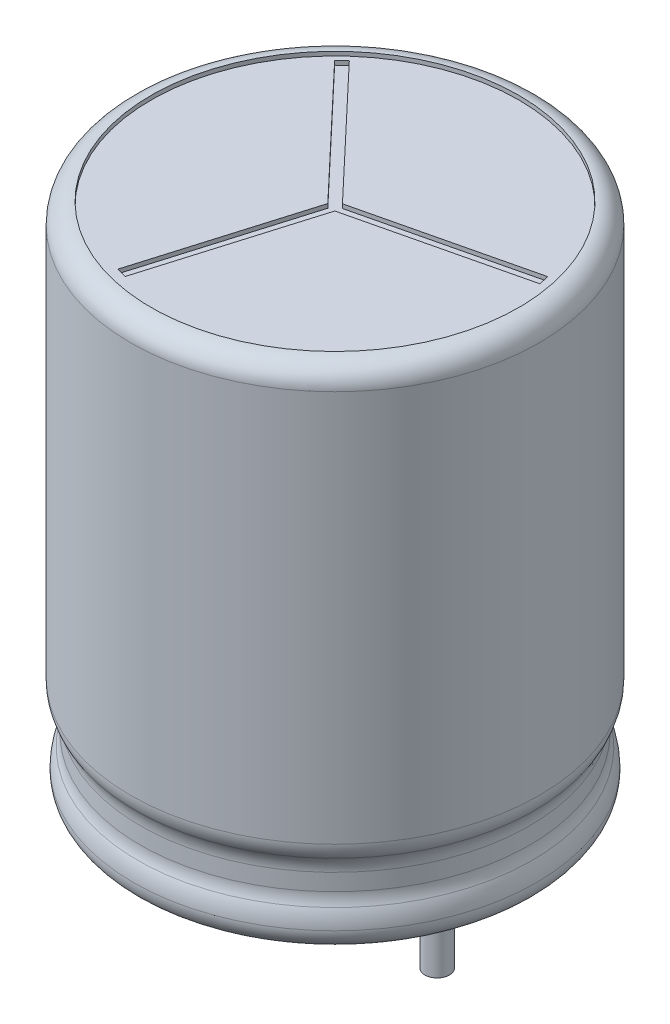
from build123d import *

# Parameters (mm, degrees)
SKETCH2_R          = 4.5
CUT_EXTRUDE1_DEPTH = 0.1
CUT_EXTRUDE2_DEPTH = 0.1
SKETCH4_W          = 0.3
SKETCH4_H          = 2.5
FILLET1_R          = 0.5


with BuildPart() as part:
    # Sketch1 → Revolve1 (revolve)
    with BuildSketch(Plane.XY, mode=Mode.PRIVATE) as revolve1_sk:
        with BuildLine():
            Line((5, 12.5), (0, 12.5))
            Line((0, 12.5), (0, 0))
            Line((0, 0), (4.827244523, 0))
            ThreePointArc((4.827244523, 0), (4.933458385, 0.471594976), (4.82617218, 0.942947155))
            ThreePointArc((4.82617218, 0.942947155), (4.777062056, 1.084088077), (4.760416667, 1.232599004))
            Line((4.760416667, 1.232599004), (4.760416667, 1.642400996))
            ThreePointArc((4.760416667, 1.642400996), (4.791064683, 1.842850794), (4.880208333, 2.024984899))
            ThreePointArc((4.880208333, 2.024984899), (4.969351983, 2.207119004), (5, 2.407568802))
            Line((5, 2.407568802), (5, 12.5))
        make_face()
    revolve(revolve1_sk.sketch.rotate(Axis((0, 12.5, 0), (0, -1, 0)), 270), axis=Axis((0, 12.5, 0), (0, -1, 0)))

    # Sketch2 → Cut-Extrude1 (cut)
    with BuildSketch(Plane(origin=(0, 12.5, 0), x_dir=(-1, 0, 0), z_dir=(0, 1, 0))):
        with Locations(Location((0, 0, 0), (0, 0, 270))):
            Circle(SKETCH2_R)
    extrude(amount=-CUT_EXTRUDE1_DEPTH, mode=Mode.SUBTRACT)

    # Sketch3 → Cut-Extrude2 (cut)
    with BuildSketch(Plane(origin=(0, 12.4, 0), x_dir=(-1, 0, 0), z_dir=(0, 1, 0))):
        Polygon((2.906036622, -3.256093686), (3.090537324, -3.081521376), (0.142645036, 0.03402539), (1.320649975, 3.989641976), (1.07721557, 4.062138116), (-0.10078937, 0.10652153), (-4.155587963, -0.860677244), (-4.096654259, -1.107745693), (-0.041855666, -0.14054692), align=None)
    extrude(amount=-CUT_EXTRUDE2_DEPTH, mode=Mode.SUBTRACT)

    # Sketch4 → Revolve2 (revolve)
    with BuildSketch(Plane(origin=(0, 0, 0), x_dir=(-1, 0, 0), z_dir=(0, 0, -1)), mode=Mode.PRIVATE) as revolve2_sk:
        with Locations((-2.65, -1.25)):
            Rectangle(SKETCH4_W, SKETCH4_H)
    revolve2 = revolve(revolve2_sk.sketch.rotate(Axis((2.5, -2.5, 0), (0, 1, 0)), 270), axis=Axis((2.5, -2.5, 0), (0, 1, 0)))

    # Fillet1
    fillet1_edges = [part.edges().sort_by_distance(p)[0] for p in [
        (0, 12.5, 5),
        (0, 0, 4.827244523),
    ]]
    fillet(fillet1_edges, radius=FILLET1_R - 0.0001)  # a hair under: the kernel refuses the full size

    # Simetría3: Revolve2 across plane
    add(revolve2.mirror(Plane(origin=(0, 0, 0), x_dir=(0, 0, 1), z_dir=(1, 0, 0))))


solid = part.part
────
Your task:
All lines in the data above from the one with "1.842850794), (4.880208333, 2.024984899))" through the one with "# Sketch3 → Cut-Extrude2 (cut)" must be repeated exactly, and no others.

Response:
            ThreePointArc((4.760416667, 1.642400996), (4.791064683, 1.842850794), (4.880208333, 2.024984899))
            ThreePointArc((4.880208333, 2.024984899), (4.969351983, 2.207119004), (5, 2.407568802))
            Line((5, 2.407568802), (5, 12.5))
        make_face()
    revolve(revolve1_sk.sketch.rotate(Axis((0, 12.5, 0), (0, -1, 0)), 270), axis=Axis((0, 12.5, 0), (0, -1, 0)))

    # Sketch2 → Cut-Extrude1 (cut)
    with BuildSketch(Plane(origin=(0, 12.5, 0), x_dir=(-1, 0, 0), z_dir=(0, 1, 0))):
        with Locations(Location((0, 0, 0), (0, 0, 270))):
            Circle(SKETCH2_R)
    extrude(amount=-CUT_EXTRUDE1_DEPTH, mode=Mode.SUBTRACT)

    # Sketch3 → Cut-Extrude2 (cut)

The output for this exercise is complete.